Software that manages the rights, payments, connectivity and privacy between life streams will be a multi-billion dollar industry. So if that apple from Chile used some real nasty pesticides – like a carcinogen? Could that supplier of that apple to the store be tracked? Do you want to know this? What if your wife bought it… and it is not part of your personal data stream? Do you and you wife have a LifeStream sharing agreement?

One person, eating one Apple does not a trend make. Multiply that by 50 million people over 5 years. This is not science fiction. This is simply faster computers, more memory, and analysis software. It’s a lot of Apples. Do I want to share, if it was anonymous, my eating habits and cross reference it with my health…maybe.

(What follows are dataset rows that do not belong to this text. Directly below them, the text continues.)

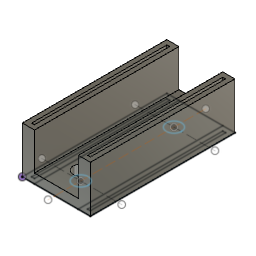
ArduinoMount (Autodesk Fusion 360 design; units mm, degrees)
Autodesk Fusion 360 part; units mm, degrees
sketch "Sketch1" plane through (0, 0, 0) normal (0, 0, 1) x (1, 0, 0)
  line L0 (0, 0) -> (18.542, 0)
  line L1 (18.542, 0) -> (18.542, 39.37)
  line L2 (18.542, 39.37) -> (0, 39.37)
  line L3 (0, 39.37) -> (0, 0)
  line L4 (3.302, 0) -> (3.302, 39.37)
  line L5 (15.24, 0) -> (15.24, 39.37)
  line L6 (16.51, 38.1) -> (17.272, 38.1)
  line L7 (17.272, 38.1) -> (17.272, 1.27)
  line L8 (17.272, 1.27) -> (16.51, 1.27)
  line L9 (16.51, 1.27) -> (16.51, 38.1)
  line L10 (1.27, 38.1) -> (2.032, 38.1)
  line L11 (2.032, 38.1) -> (2.032, 1.27)
  line L12 (2.032, 1.27) -> (1.27, 1.27)
  line L13 (1.27, 1.27) -> (1.27, 38.1)
  line L14 (-1.6611, 32.385) -> (20.0985, 32.385) construction
  line L15 (-1.6611, 6.985) -> (20.0985, 6.985) construction
  line L16 (8.9225, 41.0496) -> (8.9225, -1.9164) construction
  circle A0 centre (8.9225, 32.385) radius 2.032
  circle A1 centre (8.9225, 6.985) radius 2.032
  dimension "d1" = 18.542
  dimension "d2" = 39.37
  dimension "d3" = 3.302
  dimension "d4" = 3.302
  dimension "d5" = 36.83
  dimension "d6" = 1.27
  dimension "d7" = 0.762
  dimension "d8" = 1.27
  dimension "d9" = 36.83
  dimension "d11" = 0.762
  dimension "d12" = 1.27
  dimension "d13" = 1.27
  dimension "d26" = 6.985
  dimension "d27" = 6.985
  dimension "d28" = 4.064
  dimension "d29" = 4.064
  constraint horizontal L0
  constraint vertical L1
  constraint horizontal L2
  constraint vertical L3
  constraint coincident L0.start L3.end
  constraint coincident L0 L4.start
  constraint coincident L2 L4.end
  constraint perpendicular L2 L4
  constraint coincident L0 L5.start
  constraint coincident L2 L5.end
  constraint perpendicular L0 L5
  constraint horizontal L6
  constraint vertical L7
  constraint horizontal L8
  constraint vertical L9
  constraint horizontal L10
  constraint vertical L11
  constraint horizontal L12
  constraint vertical L13
  constraint perpendicular L1 L14
  constraint perpendicular L1 L15
  constraint perpendicular L0 L16
  constraint coincident L16 A0.centre
  constraint coincident L14 A0.centre
  constraint coincident L15 A1.centre
  constraint coincident L16 A1.centre
  measures "d1" distance of L0.start L0.end
  measures "d2" distance of L0.start L2.end
  measures "d3" distance of L1 L5
  measures "d4" distance of L3 L4
  measures "d5" distance of L6.end L7.end
  measures "d6" distance of L2 L6.start
  measures "d7" distance of L7 L9
  measures "d8" distance of L1 L7
  measures "d9" distance of L10.start L12.end
  measures "d11" distance of L11 L13
  measures "d12" distance of L3 L13
  measures "d13" distance of L2 L10.start
  measures "d26" distance of L2 L14
  measures "d27" distance of L0 L15
  measures "d28" diameter of A0
  measures "d29" diameter of A1
extrude "Extrude1" add sketch "Sketch1" along normal blind 2.54 contours L0 L2 L4 L5 | A0 | A1
extrude "Extrude2" add sketch "Sketch1" along normal blind 12.7 contours L0 L1 L2 L5
extrude "Extrude3" add sketch "Sketch1" along normal blind 12.7 contours L0 L2 L3 L4
extrude "Extrude4" add sketch "Sketch1" along normal blind 6.35 contours L6 L7 L8 L9
extrude "Extrude5" add sketch "Sketch1" along normal blind 6.35 contours L10 L11 L12 L13
extrude "Extrude6" cut sketch "Sketch1" along normal through all contours A0
extrude "Extrude7" cut sketch "Sketch1" along normal through all contours A1
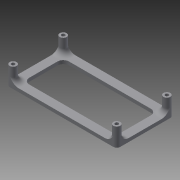
# Autodesk Inventor part: standoff
Saved by Autodesk Inventor 2013 (Build 170138000, 138)
## iProperties
Created: 2013-07-26
Part Number: standoff
Material: Generic
Document SubType Name: Modeling
Designer: employee
Density: 1 g/cm^3
Author: employee
Autodesk Inventor part; units mm, degrees
ref_plane "YZ Plane" through (0, 0, 0) normal (1, 0, 0) x (0, 1, 0)
ref_plane "XZ Plane" through (0, 0, 0) normal (0, 1, 0) x (-1, 0, 0)
ref_plane "XY Plane" through (0, 0, 0) normal (0, 0, 1) x (1, 0, 0)
sketch "Sketch1" plane through (0, 0, 0) normal (0, 0, 1) x (1, 0, 0)
  line L0 (0, 0) -> (101.6, 0)
  line L1 (101.6, 0) -> (101.6, 50.8)
  line L2 (101.6, 50.8) -> (0, 50.8)
  line L3 (0, 50.8) -> (0, 0)
  dimension "d0" = 50.8
  dimension "d2" = 101.6
  constraints: 8 end point, 2 parallel, 1 horizontal, 1 perpendicular
  measures "d0" distance of L0.end L1.end
  measures "d2" distance of L0.start L0.end
extrude "Extrusion1" add sketch "Sketch1" along normal blind 16
sketch "Sketch2" plane through (0, 0, 16) normal (0, 0, 1) x (1, 0, 0)
  line L0 (101.6, 0) -> (101.6, 50.8) projected
  line L1 (101.6, 50.8) -> (0, 50.8) projected
  line L2 (5.461, 47.3075) -> (96.139, 47.3075)
  line L3 (96.139, 47.3075) -> (96.139, 3.4925)
  line L4 (96.139, 3.4925) -> (5.461, 3.4925)
  line L5 (5.461, 3.4925) -> (5.461, 47.3075)
  point P0 (96.139, 25.4)
  point P1 (101.6, 25.4)
  point P2 (50.8, 47.3075)
  point P3 (50.8, 50.8)
  dimension "d5" = 43.815
  dimension "d7" = 90.678
  constraints: 8 end point, 4 midpoint, 2 parallel, 1 horizontal, 1 horizontal alignment, 1 perpendicular, 1 vertical alignment
  measures "d5" distance of L2.end L3.end
  measures "d7" distance of L2.start L2.end
hole "Hole1" at (5.461, 47.3075, 16) at (96.139, 47.3075, 16) at (96.139, 3.4925, 16) at (5.461, 3.4925, 16) direction (0, 0, -1) diameter 3 end through all clearance for "Socket Head Cap Screw" size "M3" standard "Ansi Metric M Profile"
sketch "Sketch3" plane through (0, 0, 16) normal (0, 0, 1) x (1, 0, 0)
  circle A0 centre (96.139, 3.4925) radius 1.5 projected
  circle A1 centre (5.461, 47.3075) radius 1.5 projected
  circle A2 centre (96.139, 47.3075) radius 1.5 projected
  circle A3 centre (5.461, 3.4925) radius 1.5 projected
  line L0 (0, 0) -> (101.6, 0) projected
  line L1 (101.6, 0) -> (101.6, 50.8) projected
  line L2 (101.6, 50.8) -> (0, 50.8) projected
  line L3 (0, 50.8) -> (0, 0) projected
  circle A4 centre (5.461, 3.4925) radius 3
  circle A5 centre (5.461, 47.3075) radius 3
  circle A6 centre (96.139, 47.3075) radius 3
  circle A7 centre (96.139, 3.4925) radius 3
  dimension "d15" = 6
  constraints: 4 centre point, 4 coincident, 3 equal radius
  measures "d15" diameter of A4
extrude "Extrusion2" cut sketch "Sketch3" against normal through all contours L3 L2 L1 L0
sketch "Sketch4" plane through (5.461, 3.4925, 0) normal (0, 0, -1) x (-1, 0, 0)
  circle A0 centre (0, 0) radius 3 projected
  circle A1 centre (-90.678, 0) radius 3 projected
  circle A2 centre (-90.678, 0) radius 1.5 projected
  circle A3 centre (0, 43.815) radius 1.5 projected
  circle A4 centre (0, 43.815) radius 3 projected
  circle A5 centre (-90.678, 43.815) radius 3 projected
  circle A6 centre (-90.678, 43.815) radius 1.5 projected
  circle A7 centre (0, 0) radius 1.5 projected
  circle A8 centre (0, 0) radius 3 projected
  line L0 (-90.678, 46.815) -> (0, 46.815)
  line L1 (-90.678, -3) -> (0, -3)
  line L2 (3, 0) -> (3, 43.815)
  line L3 (-93.678, 43.815) -> (-93.678, 0)
  circle A9 centre (-90.678, 43.815) radius 3 projected
  circle A10 centre (-90.678, 0) radius 3 projected
  point P0 (5.461, -3.4925)
  constraints: 10 point on circle, 8 end point, 7 tangent, 1 perpendicular
extrude "Extrusion3" add sketch "Sketch4" against normal blind 3 contours A0 L1 A1 L3 A5 L0 A4 L2
sketch "Sketch5" plane through (5.461, 3.4925, 3) normal (0, 0, 1) x (1, 0, 0)
  line L0 (90.678, 46.815) -> (0, 46.815) projected
  line L1 (93.678, 0) -> (93.678, 43.815) projected
  line L2 (4.5, 39.315) -> (86.178, 39.315)
  line L3 (86.178, 39.315) -> (86.178, 4.5)
  line L4 (86.178, 4.5) -> (4.5, 4.5)
  line L5 (4.5, 4.5) -> (4.5, 39.315)
  point P0 (-5.461, -3.4925)
  point P1 (86.178, 21.9075)
  point P2 (93.678, 21.9075)
  point P3 (45.339, 39.315)
  point P4 (45.339, 46.815)
  dimension "d21" = 7.5
  dimension "d22" = 7.5
  constraints: 8 end point, 4 midpoint, 2 parallel, 1 horizontal, 1 horizontal alignment, 1 perpendicular, 1 vertical alignment
  measures "d21" distance between parallel lines of L0 L2
  measures "d22" distance between parallel lines of L1 L3
extrude "Extrusion4" cut sketch "Sketch5" against normal through all
fillet "Fillet1" radius 5 6 edges at (5.461, 44.3075, 3) (7.5823, 49.4288, 3) (5.461, 6.4925, 3) (7.5823, 1.3712, 3) (94.0177, 5.6138, 3) (94.0177, 45.1862, 3)
fillet "Fillet2" radius 5 4 edges at (9.961, 7.9925, 1.6376) (9.961, 42.8075, 1.6376) (91.639, 42.8075, 1.6376) (91.639, 7.9925, 1.6376)
body "Solid1"
PLATE_LV_BACK (Autodesk Fusion 360 design; units mm, degrees)
Autodesk Fusion 360 part; units mm, degrees
note: some values were not read from the file. Set by a fixed rule: which sketch regions a step uses.
sketch "Esquisse1" plane through (0, 0, 0) normal (0, 0, 1) x (1, 0, 0)
  line L0 (75, -53) -> (-75, -53)
  line L1 (-75, -53) -> (-75, 53)
  line L2 (-75, 53) -> (75, 53)
  line L3 (75, 53) -> (75, -53)
  line L4 (75, -53) -> (-75, 53) construction
  line L5 (-75, -53) -> (75, 53) construction
  line L6 (78, 50) -> (-78, 50)
  line L7 (-78, 50) -> (-78, -50)
  line L8 (-78, -50) -> (78, -50)
  line L9 (78, -50) -> (78, 50)
  line L10 (78, 50) -> (-78, -50) construction
  line L11 (-78, 50) -> (78, -50) construction
  dimension "d1" = 150
  dimension "d2" = 106
  dimension "d49" = 156
  dimension "d50" = 100
  constraint horizontal L0
  constraint perpendicular L0 L1
  constraint parallel L0 L2
  constraint parallel L1 L3
  constraint coincident L4 origin
  constraint coincident L5 origin
  constraint horizontal L6
  constraint perpendicular L6 L7
  constraint parallel L6 L8
  constraint parallel L7 L9
  constraint coincident L10 origin
  constraint coincident L11 origin
  measures "d1" distance of L1.end L2.end
  measures "d2" distance of L0.end L1.end
  measures "d49" distance of L7.end L8.end
  measures "d50" distance of L6.end L7.end
extrude "Extrusion1" add sketch "Esquisse1" along normal blind 3
sketch "Esquisse4" plane through (0, 0, 3) normal (0, 0, 1) x (-1, 0, 0)
  line L0 (-75, -53) -> (75, -53)
  line L1 (75, -53) -> (75, -50)
  line L2 (75, 53) -> (-75, 53)
  line L3 (-75, -50) -> (-75, -53)
  circle A0 centre (-25, -37.5) radius 2.5
  circle A1 centre (-25, -28.125) radius 2.5
  circle A2 centre (-25, -18.75) radius 2.5
  circle A3 centre (-25, -9.375) radius 2.5
  circle A4 centre (-25, 0) radius 2.5
  circle A5 centre (-12.1742, -35.2385) radius 2.5
  circle A6 centre (-0.8955, -28.7267) radius 2.5
  circle A7 centre (7.476, -18.75) radius 2.5
  circle A8 centre (11.9303, -6.5118) radius 2.5
  circle A9 centre (11.9303, 6.5118) radius 2.5
  circle A10 centre (7.476, 18.75) radius 2.5
  circle A11 centre (-0.8955, 28.7267) radius 2.5
  circle A12 centre (-12.1742, 35.2385) radius 2.5
  circle A13 centre (-25, 37.5) radius 2.5
  circle A14 centre (-37.8258, 35.2385) radius 2.5
  circle A15 centre (-49.1045, 28.7267) radius 2.5
  circle A16 centre (-57.476, 18.75) radius 2.5
  circle A17 centre (-61.9303, 6.5118) radius 2.5
  circle A18 centre (-61.9303, -6.5118) radius 2.5
  circle A19 centre (-57.476, -18.75) radius 2.5
  circle A20 centre (-49.1045, -28.7267) radius 2.5
  circle A21 centre (-37.8258, -35.2385) radius 2.5
  circle A22 centre (-12.797, -25.3397) radius 2.5
  circle A23 centre (-3.011, -17.5357) radius 2.5
  circle A24 centre (2.4198, -6.2584) radius 2.5
  circle A25 centre (2.4198, 6.2584) radius 2.5
  circle A26 centre (-3.011, 17.5357) radius 2.5
  circle A27 centre (-12.797, 25.3397) radius 2.5
  circle A28 centre (-25, 28.125) radius 2.5
  circle A29 centre (-37.203, 25.3397) radius 2.5
  circle A30 centre (-46.989, 17.5357) radius 2.5
  circle A31 centre (-52.4198, 6.2584) radius 2.5
  circle A32 centre (-52.4198, -6.2584) radius 2.5
  circle A33 centre (-46.989, -17.5357) radius 2.5
  circle A34 centre (-37.203, -25.3397) radius 2.5
  circle A35 centre (-13.979, -15.1691) radius 2.5
  circle A36 centre (-7.1677, -5.7941) radius 2.5
  circle A37 centre (-7.1677, 5.7941) radius 2.5
  circle A38 centre (-13.979, 15.1691) radius 2.5
  circle A39 centre (-25, 18.75) radius 2.5
  circle A40 centre (-36.021, 15.1691) radius 2.5
  circle A41 centre (-42.8323, 5.7941) radius 2.5
  circle A42 centre (-42.8323, -5.7941) radius 2.5
  circle A43 centre (-36.021, -15.1691) radius 2.5
  circle A44 centre (-17.6703, -5.8452) radius 2.5
  circle A45 centre (-15.8601, 2.0861) radius 2.5
  circle A46 centre (-20.9323, 8.4466) radius 2.5
  circle A47 centre (-29.0677, 8.4466) radius 2.5
  circle A48 centre (-34.1399, 2.0861) radius 2.5
  circle A49 centre (-32.3297, -5.8452) radius 2.5
  line L4 (-75, 50) -> (-78, 50)
  line L5 (-78, 50) -> (-78, -50)
  line L6 (-78, -50) -> (-75, -50)
  line L7 (75, -50) -> (78, -50)
  line L8 (78, -50) -> (78, 50)
  line L9 (78, 50) -> (75, 50)
  line L10 (75, 50) -> (75, 53)
  line L11 (-75, 53) -> (-75, 50)
  circle A50 centre (-60.75, -35.75) radius 2.2
  circle A51 centre (10.75, 35.75) radius 2.2
  line L12 (-60.75, -35.75) -> (10.75, -35.75)
  line L13 (10.75, 35.75) -> (-60.75, -35.75) construction
  line L14 (-60.75, 35.75) -> (10.75, -35.75) construction
  circle A52 centre (10.75, -35.75) radius 2.2
  line L15 (10.75, 35.75) -> (-60.75, 35.75)
  line L16 (-60.75, 35.75) -> (-60.75, -35.75)
  line L17 (10.75, -35.75) -> (10.75, 35.75)
  circle A53 centre (-60.75, 35.75) radius 2.2
  line L18 (-75, 50) -> (-78, 50)
  point P0 (-25, 0)
  dimension "d32" = 5
  dimension "d37" = 0
  dimension "d38" = 37.5
  dimension "d40" = 360
  dimension "d42" = 360
  dimension "d44" = 360
  dimension "d46" = 360
  dimension "d51" = 71.5
  dimension "d52" = 71.5
  dimension "d53" = 4.4
  dimension "d54" = 4.4
  dimension "d55" = 4.4
  dimension "d56" = 4.4
  constraint horizontal L15
  constraint perpendicular L15 L16
  constraint parallel L12 L15
  constraint parallel L16 L17
  constraint coincident P0 L13
  constraint coincident P0 L14
  constraint coincident A50.centre L12.start
  constraint coincident L14.start L15.end
  constraint coincident A51.centre L13.start
  constraint coincident L12.end L14.end
  constraint coincident P0 A4.centre
  measures "d32" diameter of A0
  measures "d51" distance of A50.centre L14.start
  measures "d52" distance of A50.centre L12.end
  measures "d53" diameter of A50
  measures "d54" diameter of A53
  measures "d55" diameter of A51
  measures "d56" diameter of A52
extrude "Extrusion5" cut sketch "Esquisse4" against normal blind 3 contours A0 L12 | A0 L12 | A5 L12 | A5 L12 | A21 L12 | A21 L12 | L12 A52 L17 | L12 A52 L17 | A50 L12 L16 | A50 L12 L16 | A8 L17 | A8 L17 | A18 L16 | A18 L16 | A9 L17 | A9 L17 | A17 L16 | A17 L16 | A51 L15 L17 | A51 L15 L17 | L15 L16 A53 | L15 L16 A53 | A12 L15 | A12 L15 | A14 L15 | A14 L15 | A13 L15 | A13 L15 | A1 | A2 | A3 | A4 | A6 | A7 | A10 | A11 | A15 | A16 | A19 | A20 | A22 | A23 | A24 | A25 | A26 | A27 | A28 | A29 | A30 | A31 | A32 | A33 | A34 | A35 | A36 | A37 | A38 | A39 | A40 | A41 | A42 | A43 | A44 | A45 | A46 | A47 | A48 | A49
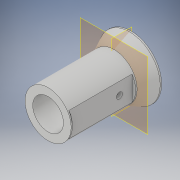
# Autodesk Inventor part: uvlight holder
Saved by Autodesk Inventor 2019 (Build 230136000, 136)
## iProperties
Created: 2019-10-19
Part Number: uvlight holder
Material: Generic
Document SubType Name: Modeling
Designer: Connor Duggan
Density: 1 g/cm^3
Appearance: Default
Author: Connor Duggan
Autodesk Inventor part; units mm, degrees
ref_plane "YZ Plane" through (0, 0, 0) normal (1, 0, 0) x (0, 1, 0)
ref_plane "XZ Plane" through (0, 0, 0) normal (0, 1, 0) x (-1, 0, 0)
ref_plane "XY Plane" through (0, 0, 0) normal (0, 0, 1) x (1, 0, 0)
sketch "Sketch1" plane through (0, 0, 0) normal (0, 0, 1) x (1, 0, 0)
  circle A0 centre (0, 0) radius 23.495
  circle A1 centre (0, 0) radius 25.4
  dimension "d4" = 46.99
  dimension "d5" = 50.8
  constraints: 2 centre point, 2 coincident
  measures "d4" diameter of A0
  measures "d5" diameter of A1
extrude "Extrusion1" add sketch "Sketch1" along normal blind 1.27
ref_plane "Work Plane1" through (0, 0, 13.97) normal (0, 0, 1) x (1, 0, 0)
sketch "Sketch2" plane through (0, 0, 13.97) normal (0, 0, 1) x (1, 0, 0)
  circle A0 centre (0, 0) radius 19.05
  circle A1 centre (0, 0) radius 12.7
  dimension "d9" = 38.1
  dimension "d10" = 25.4
  constraints: 2 centre point, 2 coincident
  measures "d9" diameter of A0
  measures "d10" diameter of A1
sketch "Sketch3" plane through (0, 0, 13.97) normal (0, 0, 1) x (1, 0, 0)
  circle A0 centre (0, 0) radius 10.795 projected
  line L0 (0, 10.795) -> (0, 7.0011) construction
  constraints: 2 end point, 1 vertical, 1 vertical alignment, 1 other
ref_plane "Work Plane2" through (0, 10.795, 13.97) normal (1, 0, 0) x (0, -1, 0)
ref_plane "Work Plane3" through (0, 0, 15.24) normal (0, 0, 1) x (1, 0, 0)
sketch "Sketch5" plane through (0, 0, 15.24) normal (0, 0, 1) x (1, 0, 0)
  circle A0 centre (0, 0) radius 12.7
  circle A1 centre (0, 0) radius 19.05
  dimension "d20" = 38.1
  dimension "d21" = 25.4
  constraints: 2 centre point, 2 coincident
  measures "d20" diameter of A1
  measures "d21" diameter of A0
extrude "Extrusion3" add sketch "Sketch5" along normal blind 50.8
sketch "Sketch6" plane through (0, 10.795, 13.97) normal (1, 0, 0) x (0, -1, 0)
  point P0 (10.795, 13.97)
extrude "Extrusion4" add sketch "Sketch2" along normal blind 1.27
sketch "Sketch7" plane through (0, 10.795, 13.97) normal (1, 0, 0) x (0, -1, 0)
  line L0 (-14.605, 12.7) -> (36.195, 12.7) projected
  line L1 (29.845, 0) -> (-8.255, 0) projected
  line L2 (-14.605, 12.7) -> (-8.255, 0)
  line L3 (-1.905, 0) -> (23.495, 0) projected
  line L4 (-8.255, 0) -> (-1.905, 0)
  line L5 (34.29, 12.7) -> (-12.7, 12.7) projected
  line L6 (-1.905, 0) -> (-12.7, 12.7)
  line L7 (-12.7, 12.7) -> (-14.605, 12.7)
  line L8 (10.795, 0) -> (10.795, 4.3567) construction
  point P0 (10.795, 13.97)
  constraints: 10 end point, 2 collinear, 1 midpoint, 1 vertical
revolve "Revolution2" add sketch "Sketch7" angle 360 about axis through (0, 0, 13.97) along (0, 0, -1)
sketch "Sketch8" plane through (0, 10.795, 13.97) normal (1, 0, 0) x (0, -1, 0)
  point P0 (10.795, 13.97)
sketch "Sketch9" plane through (0, 0, 66.04) normal (0, 0, 1) x (1, 0, 0)
  circle A0 centre (0, 0) radius 19.05 projected
  line L0 (16.0969, 10.1879) -> (16.0969, -10.1879)
  arc A1 (16.0969, -10.1879) -> (16.0969, 10.1879) centre (0, 0) ccw
  constraints: 4 point on circle, 2 end point, 1 centre point, 1 concentric, 1 vertical
extrude "Extrusion5" cut sketch "Sketch9" against normal blind 50.8 contours A0 L0 picked at (16.6372, -2.3328)
sketch "Sketch10" plane through (16.0969, -10.1879, 66.04) normal (1, 0, 0) x (0, 0, -1)
  circle A0 centre (40.3701, 10.1879) radius 2.5
  point P0 (66.04, 10.1879)
  dimension "d24" = 5
  constraints: 1 centre point
  measures "d24" diameter of A0
extrude "Extrusion6" cut sketch "Sketch10" against normal blind 12.7
sketch "Sketch11" plane through (0, 0, 66.04) normal (0, 0, 1) x (1, 0, 0)
  circle A0 centre (0, 0) radius 19.05
  circle A1 centre (0, 0) radius 12.7
  constraints: 2 centre point, 2 coincident
extrude "Extrusion7" add sketch "Sketch11" along normal blind 2.54
chamfer "Chamfer1" distance 1.5875 angle 45 2 edges at (18.2968, 5.3036, 66.04) (18.2968, -5.3036, 66.04)
body "Solid1"

I expect that companies will pop up, each with a different set of analysis technology for different niches. It will probably evolve into an AppStore model. One company looks at how you interact with media, what you watch, listen to, theaters attended. Another knows what you eat. You can choose which feeds to share with the greater LifeStream and take part in a greater community.

By the way, none of this LifeStreaming will be on Facebook, or Google+. No one would trust them. In addition, it would be prohibitively expensive to centrally transmit, store and analyze it. Hmmm, maybe Facebook could be the trend builder? It is well positioned for it. Can you imagine it?

Donato ate an Apple
Donato threw core in garbage
Donato did not recycle V8 can
Donato is driving 15 miles over the speed limit

This is the first time in a few years that I thought of a way for Facebook to survive long term. In this Facebook, you would never log in to look at what people are doing, you would log in to see that latest trend and how it affected you.

I just hope it does not make it to twitter and get retweeted by the “RIP Whitney Houston” drones. Once analysis agents can understand (and broadcast) our individual actions, Twitter has no reason to exist.

Big Data equals big money.

If it is possible, and someone can profit, it will be collected.